A primer on processor-based emulation
EE Times: Latest News A primer on processor-based emulation | |
Ray Turner (10/21/2004 4:24 PM EDT) URL: http://www.eetimes.com/showArticle.jhtml?articleID=51000078 | |
FPGA-based emulation is more widely understood by engineers because engineers are used to designing with FPGAs. Much less well understood are processor-based emulators, and ample examples of misinformation abound. This article will attempt to remove the mystery explaining how processor-based emulation works and how design constructs are mapped into it, such as tri-state busses, complex memories, and asynchronous clocking. Early days of processor-based emulation In the early 1990's IBM pioneered processor-based emulation technology, which was an offshoot of earlier work they had done in hardware-based simulation engines. The hardware technology consisted of a massive array of Boolean processors able to share data with one another, running at very high speed. The software technology consisted in partitioning a design among the many processors and scheduling individual Boolean operations in the correct time sequence and in an optimal way. Initially, performance could not match FPGA-based emulators, but compile times of less than an hour, and the elimination of timing problems that plagued FPGA-based emulators, made the new technology appealing for many use models, especially simulation acceleration. Future generations of this technology eventually surpassed FPGA systems in emulation speed while retaining the huge advantage in compilation times and without a farm of a hundred PCs for compilation. Advances in software technology extended the application of processor-based emulators to handle asynchronous designs with any number of clocks. Other extensions supported 100% visibility of all signals in the design, visibility of all signals at any time from the beginning of the emulation run, and dynamic setting of logic analyzer trigger events without recompilation. At the same time that the emulation speed of FPGA-based systems has been decreasing, new generations of processor-based systems have not only increased emulation speed at a prodigious rate, but have also proven scalable in capacity to hundreds of millions of gates.

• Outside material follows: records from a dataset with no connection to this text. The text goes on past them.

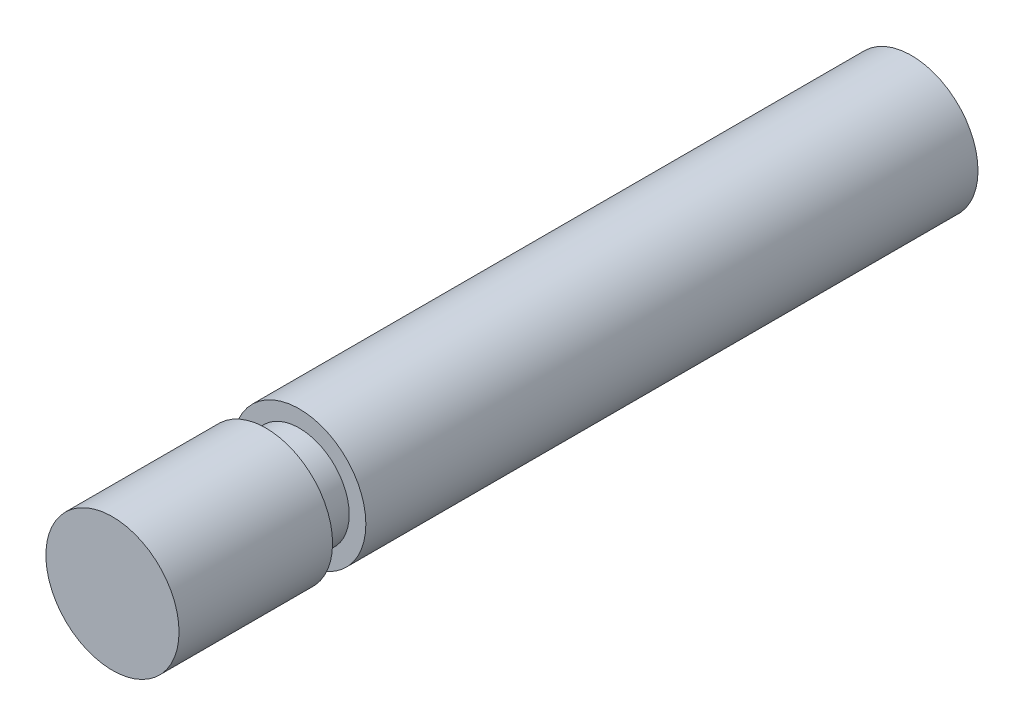
ISO-10303-21;
HEADER;
FILE_DESCRIPTION(('STEP AP214'),'2;1');
FILE_NAME('part.step','',(''),(''),'','','');
FILE_SCHEMA(('AUTOMOTIVE_DESIGN { 1 0 10303 214 1 1 1 1 }'));
ENDSEC;
DATA;
#1=APPLICATION_CONTEXT('core data for automotive mechanical design processes');
#2=APPLICATION_PROTOCOL_DEFINITION('international standard','automotive_design',2000,#1);
#3=PRODUCT_CONTEXT('',#1,'mechanical');
#4=PRODUCT('Part','Part','',(#3));
#5=PRODUCT_RELATED_PRODUCT_CATEGORY('part','',(#4));
#6=PRODUCT_DEFINITION_FORMATION('','',#4);
#7=PRODUCT_DEFINITION_CONTEXT('part definition',#1,'design');
#8=PRODUCT_DEFINITION('design','',#6,#7);
#9=PRODUCT_DEFINITION_SHAPE('','',#8);
#10=(LENGTH_UNIT() NAMED_UNIT(*) SI_UNIT(.MILLI.,.METRE.));
#11=(NAMED_UNIT(*) PLANE_ANGLE_UNIT() SI_UNIT($,.RADIAN.));
#12=(NAMED_UNIT(*) SI_UNIT($,.STERADIAN.) SOLID_ANGLE_UNIT());
#13=UNCERTAINTY_MEASURE_WITH_UNIT(LENGTH_MEASURE(1.E-05),#10,'distance_accuracy_value','');
#14=(GEOMETRIC_REPRESENTATION_CONTEXT(3) GLOBAL_UNCERTAINTY_ASSIGNED_CONTEXT((#13)) GLOBAL_UNIT_ASSIGNED_CONTEXT((#10,
#11,#12)) REPRESENTATION_CONTEXT('',''));
#15=CARTESIAN_POINT('',(0.,0.,0.));
#16=DIRECTION('',(0.,0.,1.));
#17=DIRECTION('',(1.,0.,0.));
#18=AXIS2_PLACEMENT_3D('',#15,#16,#17);
#19=CARTESIAN_POINT('',(0.,0.,-600.));
#20=DIRECTION('',(0.,0.,1.));
#21=DIRECTION('',(1.,0.,0.));
#22=AXIS2_PLACEMENT_3D('',#19,#20,#21);
#23=PLANE('',#22);
#24=CARTESIAN_POINT('',(0.,0.,-600.));
#25=DIRECTION('',(0.,0.,1.));
#26=DIRECTION('',(1.,0.,0.));
#27=AXIS2_PLACEMENT_3D('',#24,#25,#26);
#28=CIRCLE('',#27,50.);
#29=CARTESIAN_POINT('',(50.,0.,-600.));
#30=VERTEX_POINT('',#29);
#31=EDGE_CURVE('E10',#30,#30,#28,.T.);
#32=ORIENTED_EDGE('',*,*,#31,.F.);
#33=EDGE_LOOP('',(#32));
#34=FACE_BOUND('',#33,.T.);
#35=ADVANCED_FACE('F31',(#34),#23,.F.);
#36=CARTESIAN_POINT('',(0.,0.,0.));
#37=DIRECTION('',(0.,0.,1.));
#38=DIRECTION('',(1.,0.,0.));
#39=AXIS2_PLACEMENT_3D('',#36,#37,#38);
#40=CYLINDRICAL_SURFACE('',#39,50.);
#41=CARTESIAN_POINT('',(0.,0.,-140.3));
#42=DIRECTION('',(0.,0.,1.));
#43=DIRECTION('',(1.,0.,0.));
#44=AXIS2_PLACEMENT_3D('',#41,#42,#43);
#45=CIRCLE('',#44,50.);
#46=CARTESIAN_POINT('',(50.,0.,-140.3));
#47=VERTEX_POINT('',#46);
#48=EDGE_CURVE('E37',#47,#47,#45,.T.);
#49=ORIENTED_EDGE('',*,*,#48,.F.);
#50=EDGE_LOOP('',(#49));
#51=FACE_BOUND('',#50,.T.);
#52=ORIENTED_EDGE('',*,*,#31,.T.);
#53=EDGE_LOOP('',(#52));
#54=FACE_BOUND('',#53,.T.);
#55=ADVANCED_FACE('F79',(#51,#54),#40,.T.);
#56=CARTESIAN_POINT('',(0.,37.5,-140.3));
#57=DIRECTION('',(0.,0.,-1.));
#58=DIRECTION('',(-1.,0.,0.));
#59=AXIS2_PLACEMENT_3D('',#56,#57,#58);
#60=PLANE('',#59);
#61=CARTESIAN_POINT('',(0.,0.,-140.3));
#62=DIRECTION('',(0.,0.,1.));
#63=DIRECTION('',(1.,0.,0.));
#64=AXIS2_PLACEMENT_3D('',#61,#62,#63);
#65=CIRCLE('',#64,37.5);
#66=CARTESIAN_POINT('',(37.5,0.,-140.3));
#67=VERTEX_POINT('',#66);
#68=EDGE_CURVE('E41',#67,#67,#65,.T.);
#69=ORIENTED_EDGE('',*,*,#68,.F.);
#70=EDGE_LOOP('',(#69));
#71=FACE_BOUND('',#70,.T.);
#72=ORIENTED_EDGE('',*,*,#48,.T.);
#73=EDGE_LOOP('',(#72));
#74=FACE_BOUND('',#73,.T.);
#75=ADVANCED_FACE('F74',(#71,#74),#60,.F.);
#76=CARTESIAN_POINT('',(0.,0.,0.));
#77=DIRECTION('',(0.,0.,1.));
#78=DIRECTION('',(1.,0.,0.));
#79=AXIS2_PLACEMENT_3D('',#76,#77,#78);
#80=CYLINDRICAL_SURFACE('',#79,37.5);
#81=CARTESIAN_POINT('',(0.,0.,-115.3));
#82=DIRECTION('',(0.,0.,1.));
#83=DIRECTION('',(1.,0.,0.));
#84=AXIS2_PLACEMENT_3D('',#81,#82,#83);
#85=CIRCLE('',#84,37.5);
#86=CARTESIAN_POINT('',(37.5,0.,-115.3));
#87=VERTEX_POINT('',#86);
#88=EDGE_CURVE('E45',#87,#87,#85,.T.);
#89=ORIENTED_EDGE('',*,*,#88,.F.);
#90=EDGE_LOOP('',(#89));
#91=FACE_BOUND('',#90,.T.);
#92=ORIENTED_EDGE('',*,*,#68,.T.);
#93=EDGE_LOOP('',(#92));
#94=FACE_BOUND('',#93,.T.);
#95=ADVANCED_FACE('F68',(#91,#94),#80,.T.);
#96=CARTESIAN_POINT('',(0.,50.,-115.3));
#97=DIRECTION('',(0.,0.,1.));
#98=DIRECTION('',(1.,0.,0.));
#99=AXIS2_PLACEMENT_3D('',#96,#97,#98);
#100=PLANE('',#99);
#101=CARTESIAN_POINT('',(0.,0.,-115.3));
#102=DIRECTION('',(0.,0.,1.));
#103=DIRECTION('',(1.,0.,0.));
#104=AXIS2_PLACEMENT_3D('',#101,#102,#103);
#105=CIRCLE('',#104,50.);
#106=CARTESIAN_POINT('',(50.,0.,-115.3));
#107=VERTEX_POINT('',#106);
#108=EDGE_CURVE('E50',#107,#107,#105,.T.);
#109=ORIENTED_EDGE('',*,*,#108,.F.);
#110=EDGE_LOOP('',(#109));
#111=FACE_BOUND('',#110,.T.);
#112=ORIENTED_EDGE('',*,*,#88,.T.);
#113=EDGE_LOOP('',(#112));
#114=FACE_BOUND('',#113,.T.);
#115=ADVANCED_FACE('F62',(#111,#114),#100,.F.);
#116=CARTESIAN_POINT('',(0.,0.,0.));
#117=DIRECTION('',(0.,0.,1.));
#118=DIRECTION('',(1.,0.,0.));
#119=AXIS2_PLACEMENT_3D('',#116,#117,#118);
#120=CYLINDRICAL_SURFACE('',#119,50.);
#121=CARTESIAN_POINT('',(0.,0.,0.));
#122=DIRECTION('',(0.,0.,1.));
#123=DIRECTION('',(1.,0.,0.));
#124=AXIS2_PLACEMENT_3D('',#121,#122,#123);
#125=CIRCLE('',#124,50.);
#126=CARTESIAN_POINT('',(50.,0.,0.));
#127=VERTEX_POINT('',#126);
#128=EDGE_CURVE('E53',#127,#127,#125,.T.);
#129=ORIENTED_EDGE('',*,*,#128,.F.);
#130=EDGE_LOOP('',(#129));
#131=FACE_BOUND('',#130,.T.);
#132=ORIENTED_EDGE('',*,*,#108,.T.);
#133=EDGE_LOOP('',(#132));
#134=FACE_BOUND('',#133,.T.);
#135=ADVANCED_FACE('F59',(#131,#134),#120,.T.);
#136=CARTESIAN_POINT('',(0.,0.,0.));
#137=DIRECTION('',(0.,0.,-1.));
#138=DIRECTION('',(-1.,0.,0.));
#139=AXIS2_PLACEMENT_3D('',#136,#137,#138);
#140=PLANE('',#139);
#141=ORIENTED_EDGE('',*,*,#128,.T.);
#142=EDGE_LOOP('',(#141));
#143=FACE_BOUND('',#142,.T.);
#144=ADVANCED_FACE('F57',(#143),#140,.F.);
#145=CLOSED_SHELL('',(#35,#55,#75,#95,#115,#135,#144));
#146=MANIFOLD_SOLID_BREP('B2',#145);
#147=ADVANCED_BREP_SHAPE_REPRESENTATION('',(#18,#146),#14);
#148=SHAPE_DEFINITION_REPRESENTATION(#9,#147);
ENDSEC;
END-ISO-10303-21;

Processor-based emulator architecture To understand how a processor-based emulator works, it is useful to briefly review how a logic simulator works. Recall that a computer's ALU (Arithmetic-Logic Unit) can perform basic Boolean operations on variables, such as AND, OR, NOT, and that a language construct such as "always @ (posedge Clock) Q = D" forms the basis of a flip-flop. In the case of gates (and transparent latches), simulation order is important. Signals race through a gate chain schematically "left-to-right" so to speak, or "top to bottom" in RTL source code. Flip-flops (registers) break up the gate chain for ordering purposes.
Figure 1 Logic simulation; CPU does Boolean math on signals, registers
One type of simulator, a levelized compiled logic simulator, performs the Boolean equations one-at-a-time in the correct order. (Time delays are not relevant for functional logic simulation.) If two ALUs were available, you can imagine breaking the design up into two independent logic chains and assigning each chain to an ALU, thus parallelizing the process and reducing the time required, perhaps to one half. A processor-based emulator has from tens of thousands to hundreds of thousands of ALUs which are efficiently scheduled to perform all the Boolean equations in the design in the correct sequence. The following series of drawings illustrate this process. For this example we assume a 4-input Boolean primitive in the emulator.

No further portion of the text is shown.